-- EXERCISE DATA follows --

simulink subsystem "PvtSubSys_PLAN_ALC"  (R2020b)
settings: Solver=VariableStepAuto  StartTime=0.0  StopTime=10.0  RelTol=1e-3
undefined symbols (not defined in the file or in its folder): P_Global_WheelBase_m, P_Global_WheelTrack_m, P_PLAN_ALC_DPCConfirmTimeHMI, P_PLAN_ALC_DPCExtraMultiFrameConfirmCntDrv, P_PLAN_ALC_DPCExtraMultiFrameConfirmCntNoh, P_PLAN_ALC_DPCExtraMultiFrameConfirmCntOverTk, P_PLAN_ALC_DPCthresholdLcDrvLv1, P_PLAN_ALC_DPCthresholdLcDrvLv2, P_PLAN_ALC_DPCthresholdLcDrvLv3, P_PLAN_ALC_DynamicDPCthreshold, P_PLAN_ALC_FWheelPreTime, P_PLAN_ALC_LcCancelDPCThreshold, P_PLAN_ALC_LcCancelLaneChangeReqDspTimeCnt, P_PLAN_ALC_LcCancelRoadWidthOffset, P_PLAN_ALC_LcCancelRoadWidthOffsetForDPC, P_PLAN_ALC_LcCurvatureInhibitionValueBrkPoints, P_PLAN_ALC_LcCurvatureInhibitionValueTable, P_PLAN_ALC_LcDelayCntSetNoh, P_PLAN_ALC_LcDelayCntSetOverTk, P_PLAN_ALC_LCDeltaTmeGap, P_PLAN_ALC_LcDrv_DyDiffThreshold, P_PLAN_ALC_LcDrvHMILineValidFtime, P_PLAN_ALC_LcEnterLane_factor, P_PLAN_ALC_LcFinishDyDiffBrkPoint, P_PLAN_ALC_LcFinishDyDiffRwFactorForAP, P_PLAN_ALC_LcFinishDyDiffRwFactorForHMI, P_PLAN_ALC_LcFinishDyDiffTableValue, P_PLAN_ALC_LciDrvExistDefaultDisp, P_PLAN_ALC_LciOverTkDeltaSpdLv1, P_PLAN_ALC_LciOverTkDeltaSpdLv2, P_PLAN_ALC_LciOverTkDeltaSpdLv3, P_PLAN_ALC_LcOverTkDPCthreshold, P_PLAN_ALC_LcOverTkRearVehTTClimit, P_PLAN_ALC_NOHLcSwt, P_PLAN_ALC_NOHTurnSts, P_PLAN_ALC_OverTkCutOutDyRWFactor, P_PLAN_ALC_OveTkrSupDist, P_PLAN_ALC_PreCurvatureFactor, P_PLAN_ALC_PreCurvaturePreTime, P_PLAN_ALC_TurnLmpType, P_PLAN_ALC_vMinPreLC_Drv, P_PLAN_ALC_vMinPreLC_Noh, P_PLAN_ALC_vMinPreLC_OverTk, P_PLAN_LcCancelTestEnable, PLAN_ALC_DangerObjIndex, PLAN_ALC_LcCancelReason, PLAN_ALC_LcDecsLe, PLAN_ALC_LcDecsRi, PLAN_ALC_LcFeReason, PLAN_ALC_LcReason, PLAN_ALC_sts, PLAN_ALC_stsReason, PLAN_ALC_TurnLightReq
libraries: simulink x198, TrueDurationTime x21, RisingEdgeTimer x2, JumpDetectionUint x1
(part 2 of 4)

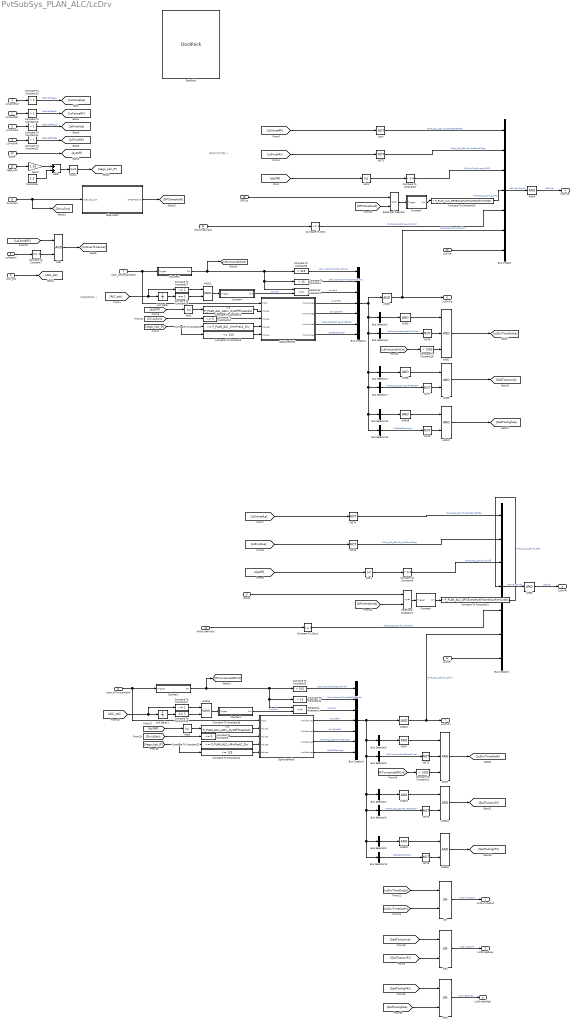
== system PvtSubSys_PLAN_ALC/LcDrv ==
  note: 换道可行性判断->
  note: 换道意图判断->
  LcCancelLe : Inport
  LcCancelRi : Inport  Port=2
  LcFinishLe : Inport  Port=3
  LcFinishRi : Inport  Port=4
  LcReason : Inport  Port=5
  ALC_sts : Inport  Port=6
  User_LeTurnLampON : Inport  Port=7
  User_RiTurnLampON : Inport  Port=8
  DrvLcSwt : Inport  Port=9
  dyDiff : Inport  Port=10
  HWALineLValid : Inport  Port=11
  HWALineRValid : Inport  Port=12
  LcAvLe : Inport  Port=13
  LcAvRi : Inport  Port=14
  Vego_kph : Inport  Port=15
  DPCLe : Inport  Port=16
  DPCRi : Inport  Port=17
  AND{,5,12,15,17} (5 alike) : Logic  AllPortsSameDT=off  OutDataTypeStr=boolean
  AND1 : Logic  Inputs=3  AllPortsSameDT=off  OutDataTypeStr=boolean
  AND{3,7..10,13,16,18} (8 alike) : Logic  Inputs=1  AllPortsSameDT=off  OutDataTypeStr=boolean
  AND11 : Logic  Operator=NAND  AllPortsSameDT=off  OutDataTypeStr=boolean
  AND14 : Logic  Operator=NAND  AllPortsSameDT=off  OutDataTypeStr=boolean
  AND2 : Logic  Inputs=3  AllPortsSameDT=off  OutDataTypeStr=boolean
  AND4 : Logic  Inputs=1  IconShape=distinctive  AllPortsSameDT=off  OutDataTypeStr=boolean
  AND6 : Logic  Inputs=1  IconShape=distinctive  AllPortsSameDT=off  OutDataTypeStr=boolean
  Abs{1..2,4..5} (4 alike) : Abs
  Add2 : Sum
  Bus Creator{,1..3} (4 alike) : BusCreator  Inputs=7
  Bus Selector1 : BusSelector  OutputSignals=LeTurnLampOnTimeNotTooShort,LciValid,DrvLcSwtON,PLAN_ALC_LcDrvLe_IPVehSpd,SpdNotTooHigh  OutputAsBus=on
  Bus Selector10 : BusSelector  OutputSignals=SpdNotTooHigh
  Bus Selector{2,4,9,11} (4 alike) : BusSelector  OutputSignals=LeTurnLampOnNotOverTime,LeTurnLampOnTimeNotTooShort,LciValid,DrvLcSwtON  OutputAsBus=on
  Bus Selector12 : BusSelector  OutputSignals=SpdNotTooHigh
  Bus Selector3 : BusSelector  OutputSignals=LeTurnLampOnTimeNotTooShort,LciValid,DrvLcSwtON,PLAN_ALC_LcDrvRi_IPVehSpd,SpdNotTooHigh  OutputAsBus=on
  Bus Selector5 : BusSelector  OutputSignals=PLAN_ALC_LcDrvRi_IPVehSpd
  Bus Selector6 : BusSelector  OutputSignals=LeTurnLampOnNotOverTime
  Bus Selector7 : BusSelector  OutputSignals=PLAN_ALC_LcDrvLe_IPVehSpd
  Bus Selector8 : BusSelector  OutputSignals=LeTurnLampOnNotOverTime
  Compare To Constant1 : simulink/Logic and Bit Operations/Compare To Constant  relop=<=  const=P_PLAN_ALC_LcDrv_DyDiffThreshold  OutDataTypeStr=boolean
  Compare To Constant10 : simulink/Logic and Bit Operations/Compare To Constant  relop=~=  const=0  OutDataTypeStr=boolean
  Compare To Constant11 : simulink/Logic and Bit Operations/Compare To Constant  relop=<  const=1000  OutDataTypeStr=boolean
  Compare To Constant12 : simulink/Logic and Bit Operations/Compare To Constant  relop=<=  const=125  OutDataTypeStr=boolean
  Compare To Constant{13..15,22} (4 alike) : simulink/Logic and Bit Operations/Compare To Constant  relop=>  const=1  OutDataTypeStr=boolean
  Compare To Constant16 : simulink/Logic and Bit Operations/Compare To Constant  relop=<  const=1000  OutDataTypeStr=boolean
  Compare To Constant17 : simulink/Logic and Bit Operations/Compare To Constant  relop=~=  const=1  OutDataTypeStr=boolean
  Compare To Constant18 : simulink/Logic and Bit Operations/Compare To Constant  relop=<=  const=P_PLAN_ALC_LcDrv_DyDiffThreshold  OutDataTypeStr=boolean
  Compare To Constant19 : simulink/Logic and Bit Operations/Compare To Constant  relop===  const=1  OutDataTypeStr=boolean
  Compare To Constant2 : simulink/Logic and Bit Operations/Compare To Constant  relop=>=  const=P_PLAN_ALC_vMinPreLC_Drv  OutDataTypeStr=boolean
  Compare To Constant20 : simulink/Logic and Bit Operations/Compare To Constant  relop=>  const=P_PLAN_ALC_DPCExtraMultiFrameConfirmCntDrv  OutDataTypeStr=boolean
  Compare To Constant21 : simulink/Logic and Bit Operations/Compare To Constant  relop=>  const=P_PLAN_ALC_DPCExtraMultiFrameConfirmCntDrv  OutDataTypeStr=boolean
  Compare To Constant23 : simulink/Logic and Bit Operations/Compare To Constant  relop=>=  const=P_PLAN_ALC_vMinPreLC_Drv  OutDataTypeStr=boolean
  Compare To Constant24 : simulink/Logic and Bit Operations/Compare To Constant  relop=>  const=15  OutDataTypeStr=boolean
  Compare To Constant25 : simulink/Logic and Bit Operations/Compare To Constant  relop=<  const=515  OutDataTypeStr=boolean
  Compare To Constant27 : simulink/Logic and Bit Operations/Compare To Constant  relop=~=  const=1  OutDataTypeStr=boolean
  Compare To Constant28 : simulink/Logic and Bit Operations/Compare To Constant  relop===  const=1  OutDataTypeStr=boolean
  Compare To Constant3 : simulink/Logic and Bit Operations/Compare To Constant  relop=<=  const=125  OutDataTypeStr=boolean
  Compare To Constant4 : simulink/Logic and Bit Operations/Compare To Constant  relop=>  const=15  OutDataTypeStr=boolean
  Compare To Constant5 : simulink/Logic and Bit Operations/Compare To Constant  relop=<  const=0.4  OutDataTypeStr=boolean
  Compare To Constant6 : simulink/Logic and Bit Operations/Compare To Constant  relop=<  const=0.4  OutDataTypeStr=boolean
  Compare To Constant7 : simulink/Logic and Bit Operations/Compare To Constant  relop===  const=4  OutDataTypeStr=boolean
  Compare To Constant8 : simulink/Logic and Bit Operations/Compare To Constant  relop=<  const=515  OutDataTypeStr=boolean
  Compare To Constant9 : simulink/Logic and Bit Operations/Compare To Constant  relop=~=  const=0  OutDataTypeStr=boolean
  Compare To Zero : simulink/Logic and Bit Operations/Compare To Zero  relop=~=  OutDataTypeStr=boolean
  Compare To Zero1 : simulink/Logic and Bit Operations/Compare To Zero  relop=~=  OutDataTypeStr=boolean
  Constant6 : Constant  Value=1.3  OutDataTypeStr=single
  Counter1 : Subsystem
  Counter2 : Subsystem
  Counter3 : Subsystem
  Counter4 : Subsystem
  Counter5 : Subsystem
  Counter6 : Subsystem
  DocBlock : simulink/Model-Wide Utilities/DocBlock  DocumentType=Text
      content=|
      | 模块说明：
      | 该模块用于计算是否触发拨杆换道，换道条件如下：
      |
      | 当如下条件全部满足左换道可行
      | 1.手动换道开关开启；
      | 2.车身中心距离车道中心线0.4m以内；
      | 3.仪表车速大于等于40kmh；
      | 4.左侧车道安全，换道过程中无碰撞风险；
      | 5.左侧车道控制线有效；
      | 6.3s内未发生右换道取消；
      | 7.3s内未发生右换道完成；
      | 8.左侧转向灯开关开启时（上升沿）开始计时，关闭左转向灯时或车辆中心距离控制线>0.8m或状态跳转到非Cruise（上升沿）时停止计时，计时满0.3s但不超过10s；
      |
      | 当如下条件全部满足则满足右换道可行
      | 1.手动换道开关开启；
      | 2.车身中心距离本车道中心线0.4m以内；
      | 3.仪表车速大于等于40kmh；
      | 4.左侧车道安全，换道过程中无碰撞风险；
      | 5.左侧车道控制线有效；
      | 6.3s内未发生左换道取消；
      | 7.3s内未发生左换道完成；
      | 8.右侧转向灯开关开启时（上升沿）开始计时，关闭右转向灯时或车辆中心距离控制线>0.8m或状态跳转到非Cruise（上升沿）时停止计时，计时满0.3s但不超过10s；
  Gain2 : Gain  Gain=1.03
  NOT{,1..9} (10 alike) : Logic  Operator=NOT  IconShape=distinctive  AllPortsSameDT=off  OutDataTypeStr=boolean
  OR : Logic  Operator=OR  AllPortsSameDT=off  OutDataTypeStr=boolean
  OR1 : Logic  Operator=OR  AllPortsSameDT=off  OutDataTypeStr=boolean
  OR2 : Logic  Operator=OR  AllPortsSameDT=off  OutDataTypeStr=boolean
  Relational Operator{,1..3} (4 alike) : RelationalOperator  Operator=<=  OutDataTypeStr=boolean  RndMeth=Simplest
  Round : Rounding  Operator=round
  SigValueHold1 : Stateflow chart  TreatAsAtomicUnit=on
  SigValueHold3 : Stateflow chart  TreatAsAtomicUnit=on
  Subsystem : Subsystem
  Unit Delay : UnitDelay  SampleTime=-1  HasFrameUpgradeWarning=on
  Unit Delay1 : UnitDelay  SampleTime=-1  HasFrameUpgradeWarning=on
  LciDrvTimeOut : Outport
  LciDrvSpdLow : Outport  Port=2
  LciDrvSpdHigh : Outport  Port=3
  LcDrvLe : Outport  Port=4
  LcDrvRi : Outport  Port=5
  LciDrvLe : Outport  Port=6
  LciDrvRi : Outport  Port=7
  wires:
  LcAvRi/1 -> Bus Creator1/7
  LcAvLe/1 -> Bus Creator/7
  OR2/1 -> LciDrvSpdHigh/1  "LciDrvSpdHigh"
  [SpdToohighLe] -> OR2/2
  [SpdToohighRi] -> OR2/1
  AND18/1 -> AND17/1
  NOT9/1 -> AND17/2
  Bus Selector11/1 -> AND18/1
  Bus Selector12/1 -> NOT9/1  "<SpdNotTooHigh>"
  AND17/1 -> [SpdToohighLe]
  Bus Creator2/1 -> AND3/1, Bus Selector1/1, Bus Selector8/1, Bus Selector2/1, Bus Selector7/1, Bus Selector11/1, Bus Selector12/1
  Bus Creator3/1 -> Bus Selector3/1, Bus Selector6/1, Bus Selector4/1, Bus Selector5/1, Bus Selector10/1, Bus Selector9/1, AND10/1
  AND15/1 -> [SpdToohighRi]
  Bus Selector10/1 -> NOT8/1  "<SpdNotTooHigh>"
  Bus Selector9/1 -> AND16/1
  NOT8/1 -> AND15/2
  AND16/1 -> AND15/1
  AND/1 -> [LcOverTkCancel]
  Compare To Constant7/1 -> AND/2
  [LcCancelRi] -> AND/1
  LcReason/1 -> Compare To Constant7/1
  Bus Creator1/1 -> AND6/1  "LcDrvRi_Conds"
  AND6/1 -> LcDrvRi/1  "LcDrvRi"
  AND4/1 -> LcDrvLe/1  "LcDrvLe"
  OR/1 -> LciDrvTimeOut/1  "LciDrvTimeOut"
  [LciDrvTimeOutRi] -> OR/2
  [LciDrvTimeOutLe] -> OR/1
  Bus Creator/1 -> AND4/1  "LcDrvLe_Conds"
  [LcFinishLe] -> NOT5/1
  [LcCancelLe] -> NOT4/1
  [LcFinishRi] -> NOT1/1
  NOT/1 -> Bus Creator/1  "PLAN_ALC_LcDrvLe_NoLcCancelFlag"
  LcFinishLe/1 -> Compare To Constant14/1
  LcFinishRi/1 -> Compare To Constant22/1
  LcCancelRi/1 -> Compare To Constant15/1
  Compare To Constant5/1 -> Bus Creator1/3  "PLAN_ALC_LcDrvRi_dyDiff"
  Abs4/1 -> Compare To Constant5/1
  [dyDiff] -> Abs4/1
  NOT5/1 -> Bus Creator1/2  "PLAN_ALC_LcDrvRi_NoLcFinishFlag"
  NOT4/1 -> Bus Creator1/1  "PLAN_ALC_LcDrvRi_NoLcCancelFlag"
  NOT1/1 -> Bus Creator/2  "PLAN_ALC_LcDrvLe_NoLcFinishFlag"
  [LcCancelRi] -> NOT/1
  [dyDiff] -> Abs1/1
  dyDiff/1 -> [dyDiff]
  LcCancelLe/1 -> Compare To Constant13/1
  HWALineRValid/1 -> Compare To Zero1/1
  Abs1/1 -> Compare To Constant6/1
  Compare To Constant6/1 -> Bus Creator/3  "PLAN_ALC_LcDrvLe_dyDiff"
  Compare To Constant20/1 -> Bus Creator/4  "PLAN_ALC_LcDrvLe_DPC"
  HWALineLValid/1 -> Compare To Zero/1
  [DPCthreshold] -> Relational Operator1/2
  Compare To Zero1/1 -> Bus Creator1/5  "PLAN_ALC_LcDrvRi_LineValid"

-- EXERCISE DATA concluded --

### WORK TO COMPLETE:
Show each line in the data where the string "Stateflow" appears.

### RESPONSE AREA:
  SigValueHold1 : Stateflow chart  TreatAsAtomicUnit=on
  SigValueHold3 : Stateflow chart  TreatAsAtomicUnit=on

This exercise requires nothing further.